I have found that there is a number of ways to bi-amp through a AVR however you are limited to the near entry versions of it I have installed an RX-V3800 bi-amped on to a set of BSA Towers now BSA has a great cross over which is good cause bi-amping through a AVR usually does not have a selectable cross over but wiring these speakers this way I found I got better bottom end through a down ward firing 8 inch woofer and better highs though the twin kevlat 4 inch and 3/4 inch soft dome I also found that I could ultimatly beat the speakers more befor distortion would set its nasty little sound into the equasion but unlimalty it would be best to remove the cross over in the speakers and go to a power amping system with selectable cross over there will be a big difference in sound and as for the rest of the speakers how loud do you watch your movies and TV because unless you are cranking it in surround modeyou won't really benifit from bi-amping everything else remember in surround modes your rear speakers and front mains and only effect speakers so in a sence yes proporly bi-amp your front mains but only if you plan to listen to high quality 2 channel sound and leave the rest go as far as your buget will allow the onkyo has great amps in it but you might want to go to a power amp system in which case there pre out are not to strong when it comes to pushing a power amp jus keeping in mind that when I install a power amping system I always upgrade to a 20 amp plug for all that power requirment also keep in mind that that is north american power I know you guys use diferent stuff over there I hope this is a little helpful

Cory


----------



## Moonfly (Aug 1, 2008)

Mains power supply here in the uk is 240 volt as opposed to 110 in the US. I dont know how exactly that will affect things though. I do listen to music as much as films and its 2 channel music playback I'm after getting the most out of (Ive been looking at an Arcam p7).
It looks as though if I want to go this route I'll probably need some sort of booster for the analogue pre-outs on the 875 which will increase clutter and I'm not sure I want to go that route. All this information has been very useful though.

Cheers guys


----------



## thxgoon (Feb 23, 2007)

I think everything has pretty much been said. I'll just add that if you do decide to bridge your Onkyo for the front channels it would be seeing a 3 ohm load requiring more current from the amp. I'm not sure if the amp would be limited by the power supply at that point or not but may be worth a try?? I'm assuming that by bridging the amp you are using the surround back channels?


----------



## Moonfly (Aug 1, 2008)

thxgoon said:


> I think everything has pretty much been said. I'll just add that if you do decide to bridge your Onkyo for the front channels it would be seeing a 3 ohm load requiring more current from the amp. I'm not sure if the amp would be limited by the power supply at that point or not but may be worth a try?? I'm assuming that by bridging the amp you are using the surround back channels?

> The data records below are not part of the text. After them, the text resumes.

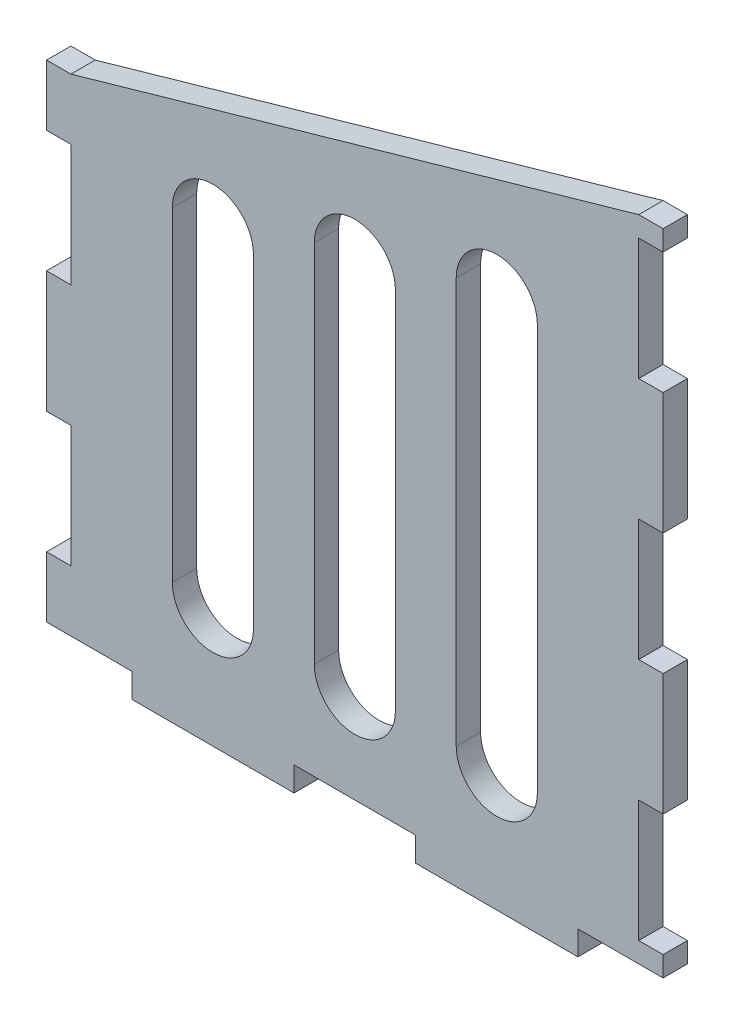
SolidWorks part; units mm, degrees
ref_plane "Front Plane" through (0, 0, 0) normal (0, 0, 1) x (1, 0, 0)
ref_plane "Top Plane" through (0, 0, 0) normal (0, 1, 0) x (1, 0, 0)
ref_plane "Right Plane" through (0, 0, 0) normal (1, 0, 0) x (0, 0, -1)
sketch "Sketch1" plane through (0, 0, 0) normal (0, 0, 1) x (1, 0, 0)
  line L0 (-35, 20) -> (35, 40)
  line L1 (38, -40) -> (-38, -40)
  line L2 (38, -40) -> (38, 40)
  line L3 (38, 40) -> (-38, 40)
  line L4 (-38, -40) -> (-38, 40)
  line L5 (38, -40) -> (-38, 40) construction
  line L6 (38, 40) -> (-38, -40) construction
  line L7 (-38, 20) -> (-35, 20)
  line L8 (35, 22.5) -> (38, 22.5)
  line L9 (35, 22.5) -> (35, 37.5)
  line L10 (35, 37.5) -> (38, 37.5)
  line L11 (38, 22.5) -> (38, 37.5)
  line L12 (35, 22.5) -> (38, 37.5) construction
  line L13 (35, 37.5) -> (38, 22.5) construction
  line L14 (35, -7.5) -> (38, -7.5)
  line L15 (35, -7.5) -> (35, 7.5)
  line L16 (35, 7.5) -> (38, 7.5)
  line L17 (38, -7.5) -> (38, 7.5)
  line L18 (35, -7.5) -> (38, 7.5) construction
  line L19 (35, 7.5) -> (38, -7.5) construction
  line L20 (-35, -32.5) -> (-38, -32.5)
  line L21 (-35, -32.5) -> (-35, -17.5)
  line L22 (-35, -17.5) -> (-38, -17.5)
  line L23 (-38, -32.5) -> (-38, -17.5)
  line L24 (-35, -32.5) -> (-38, -17.5) construction
  line L25 (-35, -17.5) -> (-38, -32.5) construction
  line L26 (27.5, -43) -> (7.5, -43)
  line L27 (27.5, -43) -> (27.5, -40)
  line L28 (27.5, -40) -> (7.5, -40)
  line L29 (7.5, -43) -> (7.5, -40)
  line L30 (27.5, -43) -> (7.5, -40) construction
  line L31 (27.5, -40) -> (7.5, -43) construction
  line L32 (-7.5, -43) -> (-27.5, -43)
  line L33 (-7.5, -43) -> (-7.5, -40)
  line L34 (-7.5, -40) -> (-27.5, -40)
  line L35 (-27.5, -43) -> (-27.5, -40)
  line L36 (-7.5, -43) -> (-27.5, -40) construction
  line L37 (-7.5, -40) -> (-27.5, -43) construction
  line L38 (35, -37.5) -> (38, -37.5)
  line L39 (35, -37.5) -> (35, -22.5)
  line L40 (35, -22.5) -> (38, -22.5)
  line L41 (38, -37.5) -> (38, -22.5)
  line L42 (35, -37.5) -> (38, -22.5) construction
  line L43 (35, -22.5) -> (38, -37.5) construction
  line L44 (-35, -2.5) -> (-38, -2.5)
  line L45 (-35, -2.5) -> (-35, 12.5)
  line L46 (-35, 12.5) -> (-38, 12.5)
  line L47 (-38, -2.5) -> (-38, 12.5)
  line L48 (-35, -2.5) -> (-38, 12.5) construction
  line L49 (-35, 12.5) -> (-38, -2.5) construction
  line L50 (-17.5, -28) -> (-17.5, 12) construction
  line L51 (-22.5, -28) -> (-22.5, 12)
  line L52 (-12.5, -28) -> (-12.5, 12)
  line L53 (17.5, -28) -> (17.5, 22) construction
  line L54 (12.5, -28) -> (12.5, 22)
  line L55 (22.5, -28) -> (22.5, 22)
  line L56 (0, 17) -> (0, -28) construction
  line L57 (5, 17) -> (5, -28)
  line L58 (-5, 17) -> (-5, -28)
  arc A0 (-22.5, -28) -> (-12.5, -28) centre (-17.5, -28) ccw
  arc A1 (-12.5, 12) -> (-22.5, 12) centre (-17.5, 12) ccw
  arc A2 (12.5, -28) -> (22.5, -28) centre (17.5, -28) ccw
  arc A3 (22.5, 22) -> (12.5, 22) centre (17.5, 22) ccw
  arc A4 (5, 17) -> (-5, 17) centre (0, 17) ccw
  arc A5 (-5, -28) -> (5, -28) centre (0, -28) ccw
  point P0 (0, 0)
  point P8 (36.5, 30)
  point P13 (36.5, 0)
  point P18 (-36.5, -25)
  point P23 (17.5, -41.5)
  point P28 (-17.5, -41.5)
  point P33 (-36.5, 5)
  point P34 (36.5, -30)
  point P46 (-17.5, -8)
  point P51 (17.5, -3)
  point P60 (0, -5.5)
  point P65 (0, 0)
  dimension "D17" = 5
  dimension "D18" = 5
  dimension "D21" = 5
  dimension "D1" = 76
  dimension "D2" = 80
  dimension "D3" = 3
  dimension "D4" = 60
  dimension "D5" = 3
  dimension "D6" = 15
  dimension "D7" = 15
  dimension "D8" = 15
  dimension "D9" = 3
  dimension "D10" = 15
  dimension "D11" = 7.5
  dimension "D12" = 3
  dimension "D13" = 20
  dimension "D14" = 15
  dimension "D15" = 7.5
  dimension "D16" = 15
  dimension "D19" = 40
  dimension "D20" = 50
  dimension "D22" = 45
  dimension "D23" = 12
extrude "Boss-Extrude1" add sketch "Sketch1" along normal blind 3

The 875 is limited to 8 ohm loads when bridging or bi-amping, which means this is out of the picture with the svs MTS speaker unless I add another amp. Hence the thread. It does bridge that way and thats how im running my current speakers, the radius 270's from Monitor Audio


----------



## salvasol (Oct 31, 2006)

Moonfly said:


> The 875 is limited to 8 ohm loads when bridging or bi-amping, which means this is out of the picture with the svs MTS speaker unless I add another amp. Hence the thread. It does bridge that way and thats how im running my current speakers, the radius 270's from Monitor Audio


I have a Yamaha RXV2700 ... I remember reading the manual, and said that it can be used to bi-amp speakers (using the back surrounds internal amps); but it didn't mention that he AVR will bridge anything :yes: ... I suppose that if you're bi-amping your speakers that way (using the back surrounds amps), you're okay with the 8ohm loads :yes: ... but that's my opinion :bigsmile:


----------



## thxgoon (Feb 23, 2007)

Ya if you can bridge an 8 ohm load then it's implied that the amp is 4 ohms stable. I can't see why you couldn't bi-amp lower than 8 ohms though. :scratch:


----------



## Bill Fitzmaurice (Jun 14, 2008)

MatrixDweller said:


> I've tried bi-wiring and bi-amping my Klipsch RB81's and could not hear any difference what so ever.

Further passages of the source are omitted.